Bei den Amerikanern gilt Tod und Sterben als allgemeines Tabuthema. Werden öffentliche Diskussionen darüber geführt, beschränken sie sich in der Regel auf die Todesstrafe und die Euthanasie. Aus dem Schweigen über den Prozess des Sterbens ergibt sich, dass der Patient möglicherweise nicht über die Unabwendlichkeit seines Todes aufgeklärt wird. Dieses Phänomen beobachteten die Forscher auch bei jenen Menschen, die sich beruflich mit Sterbenden in Krankenhäusern auseinandersetzen. Auf der Grundlage ihrer Beobachtungen stellten sie die folgende These auf: „ (…) angesichts des Todes unterscheidet sich ihr Verhalten kaum von dem der Laien.“ (Glaser & Strauss 1974, S. 11) Viele dieser Menschen vermeiden den Kontakt zu Sterbenden weitestgehend, indem sie sich in Bereichen der Medizin und Pflege spezialisieren, die sie wenig mit Sterbenden in Berührung kommen lassen. (Vgl. Glaser & Strauss 1974, S. 12) Jene Menschen, die wiederum die Belastungen der Pflege Sterbender auf sich nehmen, so Glaser und Strauss (1974, S. 12), betrachten gewisse Dinge als unvermeidlich. Meines Erachtens erlangen sie damit die Fähigkeit, mit sterbenden Menschen umzugehen und den Tod als einen Teil des Lebens zu betrachten. Dadurch werden sie in die Lage versetzt, Sterbende zu pflegen und deren Angehörige intensiv zu betreuen. Ich bin davon überzeugt, dass die intensive Auseinandersetzung der Pflegeperson/ des Arztes mit sich selbst von entscheidender Bedeutung im Umgang mit Sterbenden ist. Dennoch denke ich, dass wir uns bei der Pflege Sterbender nicht ausschließlich auf unsere Intuition verlassen sollten. Von Bedeutung erscheinen mir neben Schulungen zum professionellen Umgang mit Sterbenden und der Gesprächsführung mit Angehörigen die Supervision. Dieser Rahmen sollte allen Beteiligten die Möglichkeit geben, über Ängste und Gefühle in Verbindung mit dem Gepflegten sprechen zu können, um einen professionellen Austausch zu ermöglichen.

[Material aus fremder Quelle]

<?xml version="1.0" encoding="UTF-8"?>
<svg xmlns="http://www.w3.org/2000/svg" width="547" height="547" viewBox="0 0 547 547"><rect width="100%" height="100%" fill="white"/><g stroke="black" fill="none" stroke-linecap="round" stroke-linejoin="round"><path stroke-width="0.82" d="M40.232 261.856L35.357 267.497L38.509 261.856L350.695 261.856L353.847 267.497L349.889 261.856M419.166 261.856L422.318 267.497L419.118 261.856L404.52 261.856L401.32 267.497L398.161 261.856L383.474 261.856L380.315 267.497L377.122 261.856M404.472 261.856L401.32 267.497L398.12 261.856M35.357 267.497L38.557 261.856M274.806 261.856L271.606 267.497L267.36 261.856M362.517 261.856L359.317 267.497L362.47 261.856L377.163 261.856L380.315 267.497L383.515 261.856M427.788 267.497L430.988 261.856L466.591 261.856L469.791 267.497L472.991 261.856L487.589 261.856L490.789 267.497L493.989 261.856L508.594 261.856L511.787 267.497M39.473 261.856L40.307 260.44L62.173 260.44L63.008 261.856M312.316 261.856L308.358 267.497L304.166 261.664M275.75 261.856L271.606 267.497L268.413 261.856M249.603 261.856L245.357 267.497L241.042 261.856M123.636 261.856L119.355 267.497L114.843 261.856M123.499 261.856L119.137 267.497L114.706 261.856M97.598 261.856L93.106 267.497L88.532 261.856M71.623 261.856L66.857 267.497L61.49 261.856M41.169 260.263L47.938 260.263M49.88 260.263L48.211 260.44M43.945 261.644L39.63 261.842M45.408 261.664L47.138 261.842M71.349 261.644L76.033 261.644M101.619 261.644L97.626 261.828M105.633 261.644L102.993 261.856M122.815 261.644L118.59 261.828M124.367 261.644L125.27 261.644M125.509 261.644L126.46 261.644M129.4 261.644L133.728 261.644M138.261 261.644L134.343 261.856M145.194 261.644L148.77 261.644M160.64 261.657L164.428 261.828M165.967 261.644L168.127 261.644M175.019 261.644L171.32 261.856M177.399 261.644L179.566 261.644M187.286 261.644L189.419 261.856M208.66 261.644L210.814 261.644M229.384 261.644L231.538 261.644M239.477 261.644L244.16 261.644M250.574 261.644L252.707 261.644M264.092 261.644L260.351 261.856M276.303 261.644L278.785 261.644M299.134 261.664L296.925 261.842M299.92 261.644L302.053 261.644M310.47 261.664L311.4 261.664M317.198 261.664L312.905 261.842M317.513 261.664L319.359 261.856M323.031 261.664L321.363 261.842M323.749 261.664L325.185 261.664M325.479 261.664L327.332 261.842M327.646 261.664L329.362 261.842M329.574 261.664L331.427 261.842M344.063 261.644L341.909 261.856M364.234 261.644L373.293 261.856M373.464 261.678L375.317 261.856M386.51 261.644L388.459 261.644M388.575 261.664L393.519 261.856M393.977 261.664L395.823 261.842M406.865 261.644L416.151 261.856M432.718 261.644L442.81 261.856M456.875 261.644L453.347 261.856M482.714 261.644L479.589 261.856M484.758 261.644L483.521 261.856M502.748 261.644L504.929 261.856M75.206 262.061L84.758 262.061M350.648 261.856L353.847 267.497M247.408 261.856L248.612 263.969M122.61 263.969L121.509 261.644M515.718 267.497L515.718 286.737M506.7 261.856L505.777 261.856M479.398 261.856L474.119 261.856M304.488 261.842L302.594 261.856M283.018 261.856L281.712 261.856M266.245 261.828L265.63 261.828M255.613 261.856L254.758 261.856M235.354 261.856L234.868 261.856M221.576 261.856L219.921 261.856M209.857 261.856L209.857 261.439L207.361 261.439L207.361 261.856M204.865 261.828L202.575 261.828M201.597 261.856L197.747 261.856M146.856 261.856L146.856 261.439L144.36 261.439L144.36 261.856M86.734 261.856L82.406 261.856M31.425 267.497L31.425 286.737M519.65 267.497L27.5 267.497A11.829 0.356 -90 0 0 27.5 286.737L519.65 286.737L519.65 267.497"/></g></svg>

Auf der Grundlage ihrer Beobachtungen haben Glaser und Strauss herausgefunden, dass sich Menschen, die vom bevorstehenden Tod betroffen sind, in unterschiedlichen Bewusstheits-Kontexten befinden. Sie benennen die folgenden (Vgl. Glaser & Strauss 1974, S. 17f.):

Geschlossene Bewusstheit: der Patient ist ahnungslos

Argwöhnische Bewusstheit: der Patient verfolgt einen Verdacht

Bewusstheit der wechselseitigen Täuschung: alle Beteiligten wissen Bescheid, gestehen es aber

nicht ein

offene Bewusstheit: der Patient kennt seinen Zustand und gibt dies auch zu

Abhängig davon, in welchem Bewusstheits-Kontext sich der Patient befindet, gestaltet sich die Interaktion des Sterbenden mit seinen Angehörigen und dem Krankenhausstab (Pflegepersonal, Ärzte, Therapeuten).

2.2. Kapitel II: Verschiedene Kontexte des Wahrnehmens

In diesem Kapitel setzen sich die Forscher mit der Frage auseinander, was das Krankenhaus-personal veranlasst, den sterbenden Patienten als Todeskandidaten zu betrachten. Ihren Beobachtungen zufolge, unterscheidet der Stab bei der Einlieferung/ Betreuung des Sterbenden die zwei zentralen Fragen, ob der Patient in ihrer Einrichtung sterben wird und wenn ja wann. Die erste Frage wird als Ungewissheit des Todes definiert, die zweite, nach dem Zeitpunkt des Sterbens als Todeszeit. In der Folge unterscheiden sie aufgrund der Kombination dieser Komponenten vier Todeserwartungen:

1. gewisser Tod zu bekannter Zeit
2. gewisser Tod zu unbekannter Zeit
3. der Tod ist ungewiss, aber der Zeitpunkt, an dem die Gewissheit eintritt, ist bekannt
4. Tod wie Zeitpunkt sind ungewiss

Die Forscher gehen davon aus, dass jede Erwartung individuelle Auswirkungen auf die Interaktion mit dem Sterbenden hat. Sie hängt im Wesentlichen von dem Sterbenden selbst ab. (Vgl. Glaser & Strauss 1974, S. 24)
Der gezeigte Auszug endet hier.